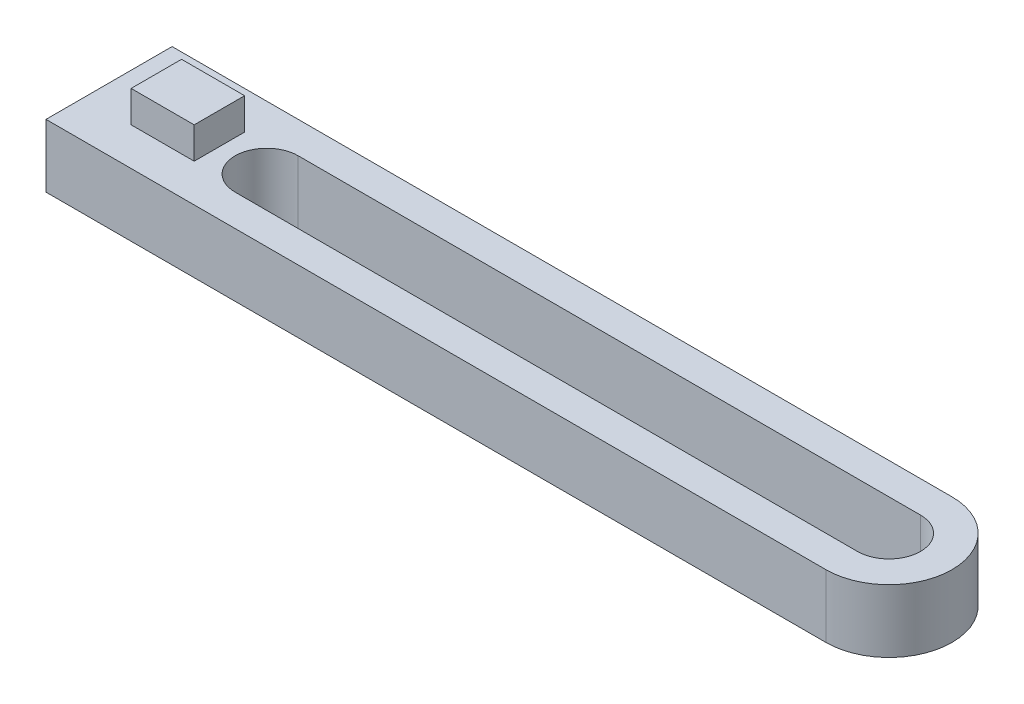
ISO-10303-21;
HEADER;
FILE_DESCRIPTION(('STEP AP214'),'2;1');
FILE_NAME('part.step','',(''),(''),'','','');
FILE_SCHEMA(('AUTOMOTIVE_DESIGN { 1 0 10303 214 1 1 1 1 }'));
ENDSEC;
DATA;
#1=APPLICATION_CONTEXT('core data for automotive mechanical design processes');
#2=APPLICATION_PROTOCOL_DEFINITION('international standard','automotive_design',2000,#1);
#3=PRODUCT_CONTEXT('',#1,'mechanical');
#4=PRODUCT('Part','Part','',(#3));
#5=PRODUCT_RELATED_PRODUCT_CATEGORY('part','',(#4));
#6=PRODUCT_DEFINITION_FORMATION('','',#4);
#7=PRODUCT_DEFINITION_CONTEXT('part definition',#1,'design');
#8=PRODUCT_DEFINITION('design','',#6,#7);
#9=PRODUCT_DEFINITION_SHAPE('','',#8);
#10=(LENGTH_UNIT() NAMED_UNIT(*) SI_UNIT(.MILLI.,.METRE.));
#11=(NAMED_UNIT(*) PLANE_ANGLE_UNIT() SI_UNIT($,.RADIAN.));
#12=(NAMED_UNIT(*) SI_UNIT($,.STERADIAN.) SOLID_ANGLE_UNIT());
#13=UNCERTAINTY_MEASURE_WITH_UNIT(LENGTH_MEASURE(1.E-05),#10,'distance_accuracy_value','');
#14=(GEOMETRIC_REPRESENTATION_CONTEXT(3) GLOBAL_UNCERTAINTY_ASSIGNED_CONTEXT((#13)) GLOBAL_UNIT_ASSIGNED_CONTEXT((#10,
#11,#12)) REPRESENTATION_CONTEXT('',''));
#15=CARTESIAN_POINT('',(0.,0.,0.));
#16=DIRECTION('',(0.,0.,1.));
#17=DIRECTION('',(1.,0.,0.));
#18=AXIS2_PLACEMENT_3D('',#15,#16,#17);
#19=CARTESIAN_POINT('',(0.,0.,0.));
#20=DIRECTION('',(0.,1.,0.));
#21=DIRECTION('',(0.,0.,1.));
#22=AXIS2_PLACEMENT_3D('',#19,#20,#21);
#23=PLANE('',#22);
#24=CARTESIAN_POINT('',(0.,0.,-56.3815572471546));
#25=DIRECTION('',(0.,1.,0.));
#26=DIRECTION('',(0.,0.,1.));
#27=AXIS2_PLACEMENT_3D('',#24,#25,#26);
#28=CIRCLE('',#27,2.);
#29=CARTESIAN_POINT('',(0.,0.,-54.3815572471546));
#30=VERTEX_POINT('',#29);
#31=CARTESIAN_POINT('',(0.,0.,-58.3815572471546));
#32=VERTEX_POINT('',#31);
#33=EDGE_CURVE('E147',#30,#32,#28,.T.);
#34=ORIENTED_EDGE('',*,*,#33,.F.);
#35=DIRECTION('',(1.,0.,0.));
#36=VECTOR('',#35,1.);
#37=CARTESIAN_POINT('',(0.,0.,-54.3815572471546));
#38=LINE('',#37,#36);
#39=CARTESIAN_POINT('',(-39.4787914004602,0.,-54.3815572471546));
#40=VERTEX_POINT('',#39);
#41=EDGE_CURVE('E150',#40,#30,#38,.T.);
#42=ORIENTED_EDGE('',*,*,#41,.F.);
#43=CARTESIAN_POINT('',(-39.4787914004602,0.,-56.3815572471546));
#44=DIRECTION('',(0.,1.,0.));
#45=DIRECTION('',(0.,0.,1.));
#46=AXIS2_PLACEMENT_3D('',#43,#44,#45);
#47=CIRCLE('',#46,2.);
#48=CARTESIAN_POINT('',(-39.4787914004602,0.,-58.3815572471546));
#49=VERTEX_POINT('',#48);
#50=EDGE_CURVE('E179',#40,#49,#47,.F.);
#51=ORIENTED_EDGE('',*,*,#50,.T.);
#52=DIRECTION('',(1.,0.,0.));
#53=VECTOR('',#52,1.);
#54=CARTESIAN_POINT('',(0.,0.,-58.3815572471546));
#55=LINE('',#54,#53);
#56=EDGE_CURVE('E182',#49,#32,#55,.T.);
#57=ORIENTED_EDGE('',*,*,#56,.T.);
#58=EDGE_LOOP('',(#34,#42,#51,#57));
#59=FACE_BOUND('',#58,.T.);
#60=DIRECTION('',(1.,0.,0.));
#61=VECTOR('',#60,1.);
#62=CARTESIAN_POINT('',(0.,0.,-52.3815572471546));
#63=LINE('',#62,#61);
#64=CARTESIAN_POINT('',(-49.4787914004602,0.,-52.3815572471546));
#65=VERTEX_POINT('',#64);
#66=CARTESIAN_POINT('',(0.,0.,-52.3815572471546));
#67=VERTEX_POINT('',#66);
#68=EDGE_CURVE('E185',#65,#67,#63,.T.);
#69=ORIENTED_EDGE('',*,*,#68,.T.);
#70=CARTESIAN_POINT('',(0.,0.,-56.3815572471546));
#71=DIRECTION('',(0.,1.,0.));
#72=DIRECTION('',(0.,0.,1.));
#73=AXIS2_PLACEMENT_3D('',#70,#71,#72);
#74=CIRCLE('',#73,4.);
#75=CARTESIAN_POINT('',(0.,0.,-60.3815572471546));
#76=VERTEX_POINT('',#75);
#77=EDGE_CURVE('E188',#67,#76,#74,.T.);
#78=ORIENTED_EDGE('',*,*,#77,.T.);
#79=DIRECTION('',(1.,0.,0.));
#80=VECTOR('',#79,1.);
#81=CARTESIAN_POINT('',(0.,0.,-60.3815572471546));
#82=LINE('',#81,#80);
#83=CARTESIAN_POINT('',(-49.4787914004602,0.,-60.3815572471546));
#84=VERTEX_POINT('',#83);
#85=EDGE_CURVE('E191',#84,#76,#82,.T.);
#86=ORIENTED_EDGE('',*,*,#85,.F.);
#87=DIRECTION('',(0.,0.,1.));
#88=VECTOR('',#87,1.);
#89=CARTESIAN_POINT('',(-49.4787914004602,0.,0.));
#90=LINE('',#89,#88);
#91=EDGE_CURVE('E159',#84,#65,#90,.T.);
#92=ORIENTED_EDGE('',*,*,#91,.T.);
#93=EDGE_LOOP('',(#69,#78,#86,#92));
#94=FACE_BOUND('',#93,.T.);
#95=DIRECTION('',(0.,0.,-1.));
#96=VECTOR('',#95,1.);
#97=CARTESIAN_POINT('',(-42.4787914004602,0.,0.));
#98=LINE('',#97,#96);
#99=CARTESIAN_POINT('',(-42.4787914004602,0.,-54.7815572471546));
#100=VERTEX_POINT('',#99);
#101=CARTESIAN_POINT('',(-42.4787914004602,0.,-57.9815572471546));
#102=VERTEX_POINT('',#101);
#103=EDGE_CURVE('E52',#100,#102,#98,.T.);
#104=ORIENTED_EDGE('',*,*,#103,.F.);
#105=DIRECTION('',(1.,0.,0.));
#106=VECTOR('',#105,1.);
#107=CARTESIAN_POINT('',(0.,0.,-54.7815572471547));
#108=LINE('',#107,#106);
#109=CARTESIAN_POINT('',(-46.4787914004602,0.,-54.7815572471546));
#110=VERTEX_POINT('',#109);
#111=EDGE_CURVE('E146',#110,#100,#108,.T.);
#112=ORIENTED_EDGE('',*,*,#111,.F.);
#113=DIRECTION('',(0.,0.,-1.));
#114=VECTOR('',#113,1.);
#115=CARTESIAN_POINT('',(-46.4787914004604,0.,-1.00784813221759E-13));
#116=LINE('',#115,#114);
#117=CARTESIAN_POINT('',(-46.4787914004602,0.,-57.9815572471546));
#118=VERTEX_POINT('',#117);
#119=EDGE_CURVE('E143',#110,#118,#116,.T.);
#120=ORIENTED_EDGE('',*,*,#119,.T.);
#121=DIRECTION('',(1.,0.,0.));
#122=VECTOR('',#121,1.);
#123=CARTESIAN_POINT('',(0.,0.,-57.9815572471546));
#124=LINE('',#123,#122);
#125=EDGE_CURVE('E57',#118,#102,#124,.T.);
#126=ORIENTED_EDGE('',*,*,#125,.T.);
#127=EDGE_LOOP('',(#104,#112,#120,#126));
#128=FACE_BOUND('',#127,.T.);
#129=ADVANCED_FACE('F35',(#59,#94,#128),#23,.T.);
#130=CARTESIAN_POINT('',(0.,-4.,-52.3815572471546));
#131=DIRECTION('',(0.,0.,1.));
#132=DIRECTION('',(1.,0.,0.));
#133=AXIS2_PLACEMENT_3D('',#130,#131,#132);
#134=PLANE('',#133);
#135=ORIENTED_EDGE('',*,*,#68,.F.);
#136=DIRECTION('',(0.,1.,0.));
#137=VECTOR('',#136,1.);
#138=CARTESIAN_POINT('',(-49.4787914004602,-4.,-52.3815572471546));
#139=LINE('',#138,#137);
#140=CARTESIAN_POINT('',(-49.4787914004602,-4.,-52.3815572471546));
#141=VERTEX_POINT('',#140);
#142=EDGE_CURVE('E11',#141,#65,#139,.T.);
#143=ORIENTED_EDGE('',*,*,#142,.F.);
#144=DIRECTION('',(1.,0.,0.));
#145=VECTOR('',#144,1.);
#146=CARTESIAN_POINT('',(0.,-4.,-52.3815572471546));
#147=LINE('',#146,#145);
#148=CARTESIAN_POINT('',(0.,-4.,-52.3815572471546));
#149=VERTEX_POINT('',#148);
#150=EDGE_CURVE('E167',#141,#149,#147,.T.);
#151=ORIENTED_EDGE('',*,*,#150,.T.);
#152=DIRECTION('',(0.,1.,0.));
#153=VECTOR('',#152,1.);
#154=CARTESIAN_POINT('',(0.,-4.,-52.3815572471546));
#155=LINE('',#154,#153);
#156=EDGE_CURVE('E199',#149,#67,#155,.T.);
#157=ORIENTED_EDGE('',*,*,#156,.T.);
#158=EDGE_LOOP('',(#135,#143,#151,#157));
#159=FACE_BOUND('',#158,.T.);
#160=ADVANCED_FACE('F238',(#159),#134,.T.);
#161=CARTESIAN_POINT('',(-49.4787914004602,-4.,0.));
#162=DIRECTION('',(-1.,0.,0.));
#163=DIRECTION('',(0.,0.,1.));
#164=AXIS2_PLACEMENT_3D('',#161,#162,#163);
#165=PLANE('',#164);
#166=ORIENTED_EDGE('',*,*,#91,.F.);
#167=DIRECTION('',(0.,1.,0.));
#168=VECTOR('',#167,1.);
#169=CARTESIAN_POINT('',(-49.4787914004602,-4.,-60.3815572471546));
#170=LINE('',#169,#168);
#171=CARTESIAN_POINT('',(-49.4787914004602,-4.,-60.3815572471546));
#172=VERTEX_POINT('',#171);
#173=EDGE_CURVE('E44',#172,#84,#170,.T.);
#174=ORIENTED_EDGE('',*,*,#173,.F.);
#175=DIRECTION('',(0.,0.,1.));
#176=VECTOR('',#175,1.);
#177=CARTESIAN_POINT('',(-49.4787914004602,-4.,0.));
#178=LINE('',#177,#176);
#179=EDGE_CURVE('E175',#172,#141,#178,.T.);
#180=ORIENTED_EDGE('',*,*,#179,.T.);
#181=ORIENTED_EDGE('',*,*,#142,.T.);
#182=EDGE_LOOP('',(#166,#174,#180,#181));
#183=FACE_BOUND('',#182,.T.);
#184=ADVANCED_FACE('F243',(#183),#165,.T.);
#185=CARTESIAN_POINT('',(0.,-4.,-60.3815572471546));
#186=DIRECTION('',(0.,0.,1.));
#187=DIRECTION('',(1.,0.,0.));
#188=AXIS2_PLACEMENT_3D('',#185,#186,#187);
#189=PLANE('',#188);
#190=ORIENTED_EDGE('',*,*,#85,.T.);
#191=DIRECTION('',(0.,1.,0.));
#192=VECTOR('',#191,1.);
#193=CARTESIAN_POINT('',(0.,-4.,-60.3815572471546));
#194=LINE('',#193,#192);
#195=CARTESIAN_POINT('',(0.,-4.,-60.3815572471546));
#196=VERTEX_POINT('',#195);
#197=EDGE_CURVE('E197',#196,#76,#194,.T.);
#198=ORIENTED_EDGE('',*,*,#197,.F.);
#199=DIRECTION('',(1.,0.,0.));
#200=VECTOR('',#199,1.);
#201=CARTESIAN_POINT('',(0.,-4.,-60.3815572471546));
#202=LINE('',#201,#200);
#203=EDGE_CURVE('E173',#172,#196,#202,.T.);
#204=ORIENTED_EDGE('',*,*,#203,.F.);
#205=ORIENTED_EDGE('',*,*,#173,.T.);
#206=EDGE_LOOP('',(#190,#198,#204,#205));
#207=FACE_BOUND('',#206,.T.);
#208=ADVANCED_FACE('F251',(#207),#189,.F.);
#209=CARTESIAN_POINT('',(0.,-4.,-56.3815572471546));
#210=DIRECTION('',(0.,1.,0.));
#211=DIRECTION('',(0.,0.,1.));
#212=AXIS2_PLACEMENT_3D('',#209,#210,#211);
#213=CYLINDRICAL_SURFACE('',#212,2.);
#214=ORIENTED_EDGE('',*,*,#33,.T.);
#215=DIRECTION('',(0.,1.,0.));
#216=VECTOR('',#215,1.);
#217=CARTESIAN_POINT('',(0.,-4.,-58.3815572471546));
#218=LINE('',#217,#216);
#219=CARTESIAN_POINT('',(0.,-4.,-58.3815572471546));
#220=VERTEX_POINT('',#219);
#221=EDGE_CURVE('E201',#220,#32,#218,.T.);
#222=ORIENTED_EDGE('',*,*,#221,.F.);
#223=CARTESIAN_POINT('',(0.,-4.,-56.3815572471546));
#224=DIRECTION('',(0.,1.,0.));
#225=DIRECTION('',(0.,0.,1.));
#226=AXIS2_PLACEMENT_3D('',#223,#224,#225);
#227=CIRCLE('',#226,2.);
#228=CARTESIAN_POINT('',(0.,-4.,-54.3815572471546));
#229=VERTEX_POINT('',#228);
#230=EDGE_CURVE('E156',#229,#220,#227,.T.);
#231=ORIENTED_EDGE('',*,*,#230,.F.);
#232=DIRECTION('',(0.,1.,0.));
#233=VECTOR('',#232,1.);
#234=CARTESIAN_POINT('',(0.,-4.,-54.3815572471546));
#235=LINE('',#234,#233);
#236=EDGE_CURVE('E39',#229,#30,#235,.T.);
#237=ORIENTED_EDGE('',*,*,#236,.T.);
#238=EDGE_LOOP('',(#214,#222,#231,#237));
#239=FACE_BOUND('',#238,.T.);
#240=ADVANCED_FACE('F37',(#239),#213,.F.);
#241=CARTESIAN_POINT('',(0.,-4.,-58.3815572471546));
#242=DIRECTION('',(0.,0.,1.));
#243=DIRECTION('',(1.,0.,0.));
#244=AXIS2_PLACEMENT_3D('',#241,#242,#243);
#245=PLANE('',#244);
#246=ORIENTED_EDGE('',*,*,#56,.F.);
#247=DIRECTION('',(0.,1.,0.));
#248=VECTOR('',#247,1.);
#249=CARTESIAN_POINT('',(-39.4787914004602,-4.,-58.3815572471546));
#250=LINE('',#249,#248);
#251=CARTESIAN_POINT('',(-39.4787914004602,-4.,-58.3815572471546));
#252=VERTEX_POINT('',#251);
#253=EDGE_CURVE('E203',#252,#49,#250,.T.);
#254=ORIENTED_EDGE('',*,*,#253,.F.);
#255=DIRECTION('',(1.,0.,0.));
#256=VECTOR('',#255,1.);
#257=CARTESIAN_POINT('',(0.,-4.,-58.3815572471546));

:: What is being asked ::
Copy verbatim, from the listing above, each line from the one containing "#71=DIRECTION('',(0.,1.,0.));" down to the one containing "#98=LINE('',#97,#96);", inclusive.

:: Problem solution ::
#71=DIRECTION('',(0.,1.,0.));
#72=DIRECTION('',(0.,0.,1.));
#73=AXIS2_PLACEMENT_3D('',#70,#71,#72);
#74=CIRCLE('',#73,4.);
#75=CARTESIAN_POINT('',(0.,0.,-60.3815572471546));
#76=VERTEX_POINT('',#75);
#77=EDGE_CURVE('E188',#67,#76,#74,.T.);
#78=ORIENTED_EDGE('',*,*,#77,.T.);
#79=DIRECTION('',(1.,0.,0.));
#80=VECTOR('',#79,1.);
#81=CARTESIAN_POINT('',(0.,0.,-60.3815572471546));
#82=LINE('',#81,#80);
#83=CARTESIAN_POINT('',(-49.4787914004602,0.,-60.3815572471546));
#84=VERTEX_POINT('',#83);
#85=EDGE_CURVE('E191',#84,#76,#82,.T.);
#86=ORIENTED_EDGE('',*,*,#85,.F.);
#87=DIRECTION('',(0.,0.,1.));
#88=VECTOR('',#87,1.);
#89=CARTESIAN_POINT('',(-49.4787914004602,0.,0.));
#90=LINE('',#89,#88);
#91=EDGE_CURVE('E159',#84,#65,#90,.T.);
#92=ORIENTED_EDGE('',*,*,#91,.T.);
#93=EDGE_LOOP('',(#69,#78,#86,#92));
#94=FACE_BOUND('',#93,.T.);
#95=DIRECTION('',(0.,0.,-1.));
#96=VECTOR('',#95,1.);
#97=CARTESIAN_POINT('',(-42.4787914004602,0.,0.));
#98=LINE('',#97,#96);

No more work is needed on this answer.